Sunday, January 13, 2013

A fool speaks!

Trust.

It is a word that has oft left me in endless introspection at various points in my life. My opinion of it remains fluid and has been the source of my fluctuating personality through the years. I feel  I am at cross roads again - thanks to the recent circumstances that has pushed me once more to evaluate my thoughts about it.

In my formative years, my relationship with it was too simple - Don't trust anyone because it leads to attachment which in turn is a threat to independence. So I grew up - detached from vicissitudes of relationships as I made it a point to develop none. Heaps of accomplishments, mainly academic, conveniently shielded me from the world of emotions peeking behind it which I refused to acknowledge. I told myself "I shall never put myself out there!".

Exactly ten years ago, a moment of introspection occurred. When my mom passed away, the most prominent thought on my mind was the fact that I had never let her know that I was capable of responding to her love. That is a regret I know I will carry to my grave. Thats when I decided to enter the world of emotions, expressions and relationships! I knew very well a rose and a thorn were not very far from each other. I wanted to experience them both. I opened myself. Became vulnerable. Gave trust the chance it deserved!

It has been a wonderful ten years of learning for me! Being cautious is an innate trait of mine that will never depart! So I had to consciously push myself to give everyone their chance. And I did. I had been an open book for almost a decade! Now I know who form the part of silver lining that will always line the darkest clouds in my life.

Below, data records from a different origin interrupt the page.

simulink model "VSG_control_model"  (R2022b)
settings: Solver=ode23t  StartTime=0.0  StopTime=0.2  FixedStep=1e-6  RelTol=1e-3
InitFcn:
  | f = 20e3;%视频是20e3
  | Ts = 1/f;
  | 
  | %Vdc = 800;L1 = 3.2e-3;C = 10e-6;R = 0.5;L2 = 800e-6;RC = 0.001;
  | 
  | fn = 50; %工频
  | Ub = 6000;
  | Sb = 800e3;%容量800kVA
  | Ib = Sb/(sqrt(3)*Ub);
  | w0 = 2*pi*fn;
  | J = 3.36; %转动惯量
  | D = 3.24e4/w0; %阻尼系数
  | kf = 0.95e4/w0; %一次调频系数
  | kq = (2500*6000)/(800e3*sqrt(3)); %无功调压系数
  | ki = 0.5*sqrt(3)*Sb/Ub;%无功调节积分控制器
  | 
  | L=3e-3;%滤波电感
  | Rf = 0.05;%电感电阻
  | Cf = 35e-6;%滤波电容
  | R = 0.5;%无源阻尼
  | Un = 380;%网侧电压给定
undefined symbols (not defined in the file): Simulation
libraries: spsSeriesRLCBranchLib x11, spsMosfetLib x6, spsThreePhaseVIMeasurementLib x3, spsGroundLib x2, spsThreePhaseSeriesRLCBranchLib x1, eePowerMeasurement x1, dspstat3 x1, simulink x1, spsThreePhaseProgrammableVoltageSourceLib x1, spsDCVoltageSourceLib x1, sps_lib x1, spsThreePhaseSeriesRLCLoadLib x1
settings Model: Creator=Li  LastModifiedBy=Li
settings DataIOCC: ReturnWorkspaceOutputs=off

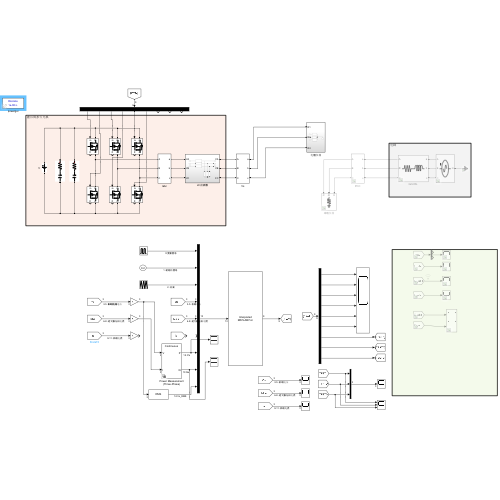
[thumbnail: Simulink's stored preview of the top-level diagram]
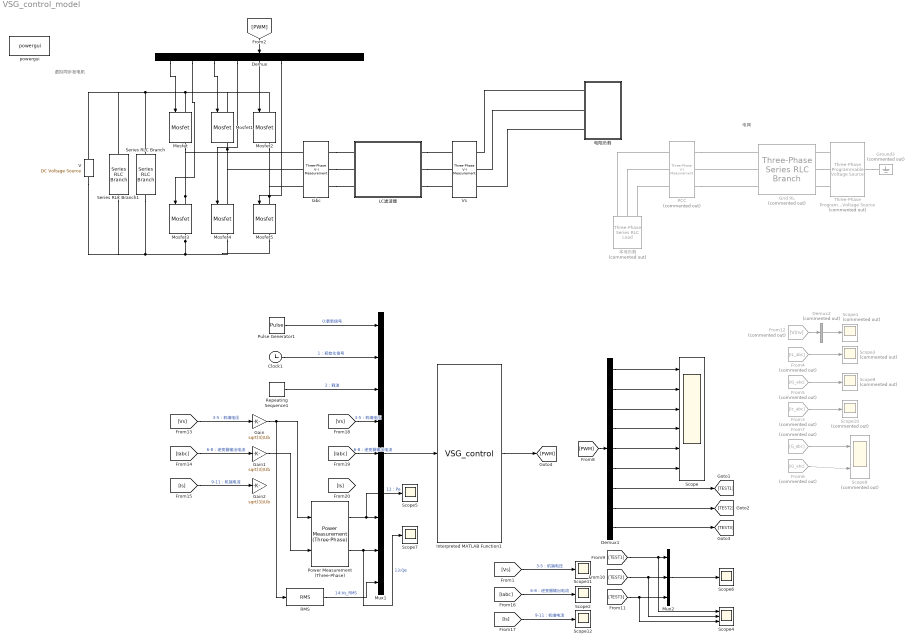
== system VSG_control_model ==
  note: 电网
  note: 虚拟同步发电机
  Clock1 : Clock
  Demux : Demux  Outputs=9
  Demux1 : Demux  Outputs=9
  Demux2 : Demux  Commented=on  Outputs=3
  From12 : From  Commented=on  GotoTag=Vinv  TagVisibility=global
  From3 : From  Commented=on  GotoTag=Ic_abc  TagVisibility=global
  From4 : From  Commented=on  GotoTag=IL_abc  TagVisibility=global
  From5 : From  Commented=on  GotoTag=IG_abc  TagVisibility=global
  From6 : From  Commented=on  GotoTag=IG_abc  TagVisibility=global
  From7 : From  Commented=on  GotoTag=G_abc  TagVisibility=global
  Gain : Gain  Gain=sqrt(3)/Ub
  Gain1 : Gain  Gain=sqrt(3)/Ub
  Gain2 : Gain  Gain=sqrt(3)/Ub
  Grid RL : spsThreePhaseSeriesRLCBranchLib/Three-Phase Series RLC Branch  Commented=on  LConnTagsString=A|B|C  RConnTagsString=A|B|C  BranchType=RL  Resistance=0.06  Inductance=1.35e-3  Capacitance=1e-6  Measurements=None
  Ground3 : spsGroundLib/Ground  Commented=on  LConnTagsString=a
  Iabc : spsThreePhaseVIMeasurementLib/Three-Phase V-I Measurement  VoltageMeasurement=no  SetLabelV=on  LabelV=Vs  Vpu=off  VpuLL=off  CurrentMeasurement=yes  SetLabelI=on  LabelI=Iabc  Ipu=off  Pbase=100e6  Vbase=500e3  OutputType=Complex  PhasorSimulation=off  PSBequivalent=0
  Interpreted MATLAB Function1 : MATLABFcn  MATLABFcn=VSG_control  OutputDimensions=9
  LC滤波器 : Subsystem
  Mosfet{,1..5} (6 alike) : spsMosfetLib/Mosfet  Ron=0.1  Lon=0  Rd=0.01  Vfd=0  IC=0  Rs=1e5  Cs=inf  Measurements=on
  Mux1 : Mux  Inputs=9
  Mux2 : Mux  Inputs=3
  PCC : spsThreePhaseVIMeasurementLib/Three-Phase V-I Measurement  Commented=on  VoltageMeasurement=phase-to-ground  SetLabelV=on  LabelV=Vg  Vpu=off  VpuLL=off  CurrentMeasurement=yes  SetLabelI=on  LabelI=Ig  Ipu=off  Pbase=100e6  Vbase=500e3  OutputType=Complex  PhasorSimulation=off  PSBequivalent=0
  Power Measurement (Three-Phase) : eePowerMeasurement/Power Measurement (Three-Phase)  LabelModeActiveChoice=Continuous  F=50  K=[1]  Seq=Positive  Ts=0
  Pulse Generator1 : DiscretePulseGenerator  PulseType=Time based  Period=Ts  PulseWidth=50
  RMS : dspstat3/RMS  run=off  directionMode=Each column  dimension=1  InputProcessing=Columns as channels (frame based)  reset_popup=None
  Repeating Sequence1 : simulink/Sources/Repeating Sequence  rep_seq_t=[0 Ts/2 Ts]  rep_seq_y=[0 1 0]
  Scope : Scope  NumInputPorts=6
  Scope{1,3,8,10} (4 alike) : Scope  Commented=on
  Scope{2,5..7,11..12} (6 alike) : Scope
  Scope4 : Scope  NumInputPorts=3
  Scope9 : Scope  Commented=on  NumInputPorts=2
  Series RLC Branch : spsSeriesRLCBranchLib/Series RLC Branch  LConnTagsString=__new0  RConnTagsString=__new0  BranchType=RC  Resistance=1e-9  Inductance=1e-3  SetiL0=off  InitialCurrent=0  Capacitance=660e-6  Setx0=off  InitialVoltage=0  Measurements=None
  Series RLC Branch1 : spsSeriesRLCBranchLib/Series RLC Branch  LConnTagsString=__new0  RConnTagsString=__new0  BranchType=RC  Resistance=1e-9  Inductance=1e-3  SetiL0=off  InitialCurrent=0  Capacitance=23.5e-6  Setx0=off  InitialVoltage=0  Measurements=None
  Three-Phase Programmable Voltage Source : spsThreePhaseProgrammableVoltageSourceLib/Three-Phase Programmable Voltage Source  Commented=on  PositiveSequence="[380  0 50]"  VariationEntity=Frequency  VariationType=Table of time-amplitude pairs  VariationTypeAlt=Step  VariationStep=-0.2  VariationRate=10  VariationMagnitude=0.3  VariationFrequency=2  VariationTiming=[1 2]  VariationPhaseA=off  Amplitudes=[1 0.8 1.2 1.0]  TimeValues=[0 0.1 0.15 0.2]  HarmonicGeneration=off  HarmonicA=[3 0.2 -25 0]  HarmonicB=[2 0.15 35 2]  Timing="[0.05  3]"  BusType=swing  Pref=0  Qref=0  Qmin=-inf  Qmax=inf
  V : spsDCVoltageSourceLib/DC Voltage Source  Amplitude=1000  Measurements=Voltage
  Vs : spsThreePhaseVIMeasurementLib/Three-Phase V-I Measurement  VoltageMeasurement=phase-to-ground  SetLabelV=on  LabelV=Vs  Vpu=off  VpuLL=off  CurrentMeasurement=yes  SetLabelI=on  LabelI=Is  Ipu=off  Pbase=100e6  Vbase=500e3  OutputType=Complex  PhasorSimulation=off  PSBequivalent=0
  powergui : sps_lib/powergui  Priority=1  SimulationMode=Discrete  SampleTime=1e-6  frequency=60  Iterations=50  frequencyindice=0  Pbase=100e6  ErrMax=1e-4  UnitsV=kV  UnitsW=MW  buscounter=0  FunctionMessages=off  echomessages=off  EnableUseOfTLC=off  CurrentSourceSwitches=off  DisableSnubberDevices=off  DisableRonSwitches=off  DisableVfSwitches=off  DisplayEquations=off  AutomaticDiscreteSolvers=off  SolverType=Tustin/Backward Euler (TBE)  Interpol=off  ExternalGateDelay=off  methode=off  Ts=100  x0status=blocks  SPID=on  SwTol=0  HookPort=off  NonlinearTolerance=1e-4  nMaxIteration=100  ContinueOnMaxIteration=off  RestoreLinks=warning  ResistiveCurrentMeasurement=off  Frange=[0:2:500]  Ylog=off  Xlog=on  ShowGrid=off  save=off  variable=ZData  structure=0  ZoomFFT=off  StartTime=0.0  cycles=1  DisplayStyle=1  fundamental=60  FreqAxis=off  MaxFrequency=1000  frequencyindicesteady=1  RmsSteady=1  display=off
  本地负载 : spsThreePhaseSeriesRLCLoadLib/Three-Phase Series RLC Load  Commented=on  LConnTagsString=A|B|C  Configuration=Y (grounded)  NominalVoltage=380  Vabc=[1e3 1e3 1e3]  Vabcp=[1e3 1e3 1e3]  NominalFrequency=50  UnbalancedPower=off  ActivePower=120e3  InductivePower=0  CapacitivePower=0  Pabc=[10e3 9e3 11e3]  QLabc=[100 90 110]  QCabc=[100 90 110]  Pabcp=[10e3 9e3 11e3]  QLabcp=[100 90 110]  QCabcp=[100 90 110]  Measurements=None  LoadType=constant Z
  电阻负载 : Subsystem
  wires:
  [PWM] -> Demux/1
  Demux/1 -> Mosfet/1
  Demux/2 -> Mosfet3/1
  Demux/3 -> Mosfet1/1
  Demux/4 -> Mosfet4/1
  Demux/5 -> Mosfet2/1
  Demux/6 -> Mosfet5/1
  Demux1/1 -> Scope/1
  Demux1/2 -> Scope/2
  Demux1/3 -> Scope/3
  Demux1/4 -> Scope/4
  Demux1/5 -> Scope/5
  Demux1/6 -> Scope/6
  Demux1/7 -> [TEST1]
  Demux1/9 -> [TEST3]
  Mux2/1 -> Scope6/1
  From4/1 -> Scope3/1
  From5/1 -> Scope8/1
  From7/1 -> Scope9/1
  From6/1 -> Scope9/2
  From3/1 -> Scope10/1
  [PWM] -> Demux1/1
  Demux1/8 -> [TEST2]
  [TEST1] -> Scope4/1, Mux2/1
  [TEST2] -> Scope4/2, Mux2/2
  [TEST3] -> Scope4/3, Mux2/3
  From12/1 -> Demux2/1
  Demux2/2 -> Scope1/1
  [Vs] -> Gain/1  "3-5：机端电压"
  [Iabc] -> Gain1/1  "6-8：逆变器输出电流"
  Mux1/1 -> Interpreted MATLAB Function1/1
  Power Measurement (Three-Phase)/1 -> Scope5/1, Mux1/7  "12：Pe"
  Power Measurement (Three-Phase)/2 -> Scope7/1, Mux1/8  "13:Qe"
  Interpreted MATLAB Function1/1 -> [PWM]
  Pulse Generator1/1 -> Mux1/1  "0:更新信号"
  Clock1/1 -> Mux1/2  "1：初始化信号"
  Repeating Sequence1/1 -> Mux1/3  "2：载波"
  [Is] -> Gain2/1  "9-11：机端电流"
  Gain/1 -> RMS/1, Power Measurement (Three-Phase)/1
  Gain1/1 -> Power Measurement (Three-Phase)/2
  RMS/1 -> Mux1/9  "14:Vs_RMS"
  [Vs] -> Scope11/1  "3-5：机端电压"
  [Iabc] -> Scope2/1  "6-8：逆变器输出电流"
  [Is] -> Scope12/1  "9-11：机端电流"
  [Vs] -> Mux1/4  "3-5：机端电压"
  [Iabc] -> Mux1/5  "6-8：逆变器输出电流"
  connections:
  Series RLC Branch/LConn1 -- V/RConn1 -- Series RLC Branch1/LConn1 -- Mosfet2/LConn1 -- Mosfet1/LConn1 -- Mosfet/LConn1
  Mosfet1/RConn1 -- Iabc/LConn2 -- Mosfet4/LConn1
  Mosfet3/LConn1 -- Iabc/LConn1 -- Mosfet/RConn1
  Mosfet5/LConn1 -- Iabc/LConn3 -- Mosfet2/RConn1
  Mosfet3/RConn1 -- V/LConn1 -- Series RLC Branch1/RConn1 -- Series RLC Branch/RConn1 -- Mosfet5/RConn1 -- Mosfet4/RConn1
  电阻负载/LConn1 -- Vs/RConn1
  电阻负载/LConn2 -- Vs/RConn2
  本地负载/LConn3 -- PCC/LConn3
  PCC/RConn1 -- Grid RL/LConn1
  Grid RL/LConn2 -- PCC/RConn2
  PCC/RConn3 -- Grid RL/LConn3
  Three-Phase Programmable Voltage Source/RConn1 -- Grid RL/RConn1
  Grid RL/RConn2 -- Three-Phase Programmable Voltage Source/RConn2
  Three-Phase Programmable Voltage Source/RConn3 -- Grid RL/RConn3
  Three-Phase Programmable Voltage Source/LConn1 -- Ground3/LConn1
  LC滤波器/RConn1 -- Vs/LConn1
  LC滤波器/RConn2 -- Vs/LConn2
  LC滤波器/RConn3 -- Vs/LConn3
  Iabc/RConn1 -- LC滤波器/LConn1
  Iabc/RConn2 -- LC滤波器/LConn2
  Iabc/RConn3 -- LC滤波器/LConn3
  电阻负载/LConn3 -- Vs/RConn3
  本地负载/LConn2 -- PCC/LConn2
  本地负载/LConn1 -- PCC/LConn1

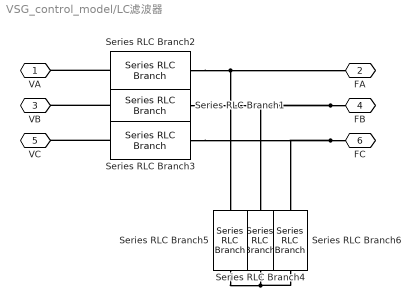
== system VSG_control_model/LC滤波器 ==
  Series RLC Branch1 : spsSeriesRLCBranchLib/Series RLC Branch  LConnTagsString=__new0  RConnTagsString=__new0  BranchType=RL  Resistance=Rf  Inductance=L  SetiL0=off  InitialCurrent=0  Capacitance=1e-3  Setx0=off  InitialVoltage=0  Measurements=None
  Series RLC Branch2 : spsSeriesRLCBranchLib/Series RLC Branch  LConnTagsString=__new0  RConnTagsString=__new0  BranchType=RL  Resistance=Rf  Inductance=L  SetiL0=off  InitialCurrent=0  Capacitance=1e-3  Setx0=off  InitialVoltage=0  Measurements=None
  Series RLC Branch3 : spsSeriesRLCBranchLib/Series RLC Branch  LConnTagsString=__new0  RConnTagsString=__new0  BranchType=RL  Resistance=Rf  Inductance=L  SetiL0=off  InitialCurrent=0  Capacitance=1e-3  Setx0=off  InitialVoltage=0  Measurements=None
  Series RLC Branch4 : spsSeriesRLCBranchLib/Series RLC Branch  LConnTagsString=__new0  RConnTagsString=__new0  BranchType=RC  Resistance=R  Inductance=Simulation.Inverter.Params.L1  SetiL0=off  InitialCurrent=0  Capacitance=Cf  Setx0=off  InitialVoltage=0  Measurements=None
  Series RLC Branch5 : spsSeriesRLCBranchLib/Series RLC Branch  LConnTagsString=__new0  RConnTagsString=__new0  BranchType=RC  Resistance=R  Inductance=Simulation.Inverter.Params.L1  SetiL0=off  InitialCurrent=0  Capacitance=Cf  Setx0=off  InitialVoltage=0  Measurements=None
  Series RLC Branch6 : spsSeriesRLCBranchLib/Series RLC Branch  LConnTagsString=__new0  RConnTagsString=__new0  BranchType=RC  Resistance=R  Inductance=Simulation.Inverter.Params.L1  SetiL0=off  InitialCurrent=0  Capacitance=Cf  Setx0=off  InitialVoltage=0  Measurements=None
  VA : PMIOPort  Side=Left
  FA : PMIOPort  Port=2  Side=Right
  VB : PMIOPort  Port=3  Side=Left
  FB : PMIOPort  Port=4  Side=Right
  VC : PMIOPort  Port=5  Side=Left
  FC : PMIOPort  Port=6  Side=Right
  connections:
  FC/RConn1 -- Series RLC Branch6/LConn1 -- Series RLC Branch3/RConn1
  Series RLC Branch5/RConn1 -- Series RLC Branch6/RConn1 -- Series RLC Branch4/RConn1
  Series RLC Branch2/RConn1 -- Series RLC Branch5/LConn1 -- FA/RConn1
  FB/RConn1 -- Series RLC Branch4/LConn1 -- Series RLC Branch1/RConn1
  Series RLC Branch1/LConn1 -- VB/RConn1
  Series RLC Branch3/LConn1 -- VC/RConn1
  Series RLC Branch2/LConn1 -- VA/RConn1

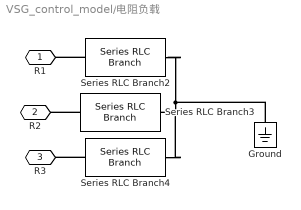
== system VSG_control_model/电阻负载 ==
  Ground : spsGroundLib/Ground  LConnTagsString=a
  Series RLC Branch2 : spsSeriesRLCBranchLib/Series RLC Branch  LConnTagsString=__new0  RConnTagsString=__new0  BranchType=R  Resistance=1  Inductance=L  SetiL0=off  InitialCurrent=0  Capacitance=1e-3  Setx0=off  InitialVoltage=0  Measurements=None
  Series RLC Branch3 : spsSeriesRLCBranchLib/Series RLC Branch  LConnTagsString=__new0  RConnTagsString=__new0  BranchType=R  Resistance=1  Inductance=L  SetiL0=off  InitialCurrent=0  Capacitance=1e-3  Setx0=off  InitialVoltage=0  Measurements=None
  Series RLC Branch4 : spsSeriesRLCBranchLib/Series RLC Branch  LConnTagsString=__new0  RConnTagsString=__new0  BranchType=R  Resistance=1  Inductance=L  SetiL0=off  InitialCurrent=0  Capacitance=1e-3  Setx0=off  InitialVoltage=0  Measurements=None
  R1 : PMIOPort  Side=Left
  R2 : PMIOPort  Port=2  Side=Left
  R3 : PMIOPort  Port=3  Side=Left
  connections:
  Series RLC Branch2/RConn1 -- Series RLC Branch4/RConn1 -- Series RLC Branch3/RConn1 -- Ground/LConn1
  Series RLC Branch4/LConn1 -- R3/RConn1
  Series RLC Branch2/LConn1 -- R1/RConn1
  Series RLC Branch3/LConn1 -- R2/RConn1

Of late, the irony is - I am considered a fool for speaking my mind and letting everyone see through me! I refute and I guffaw back at them with my learning and wisdom acquired through these years "My dear fools, its not me who has lost anything! Each time you made yourself not worthy of my trust, you have sowed and the watered the seed of mistrust in yourself. Having manipulated someone's trust has made you so scared of being able to trust anyone else! You anticipate someone else to betray your trust like you betrayed someone else's. You are the one who is going to live a life constantly watching your back while I move on to the next source of joy or sorrow!"

If only each one of us could trust others more and be more trustworthy!!!!!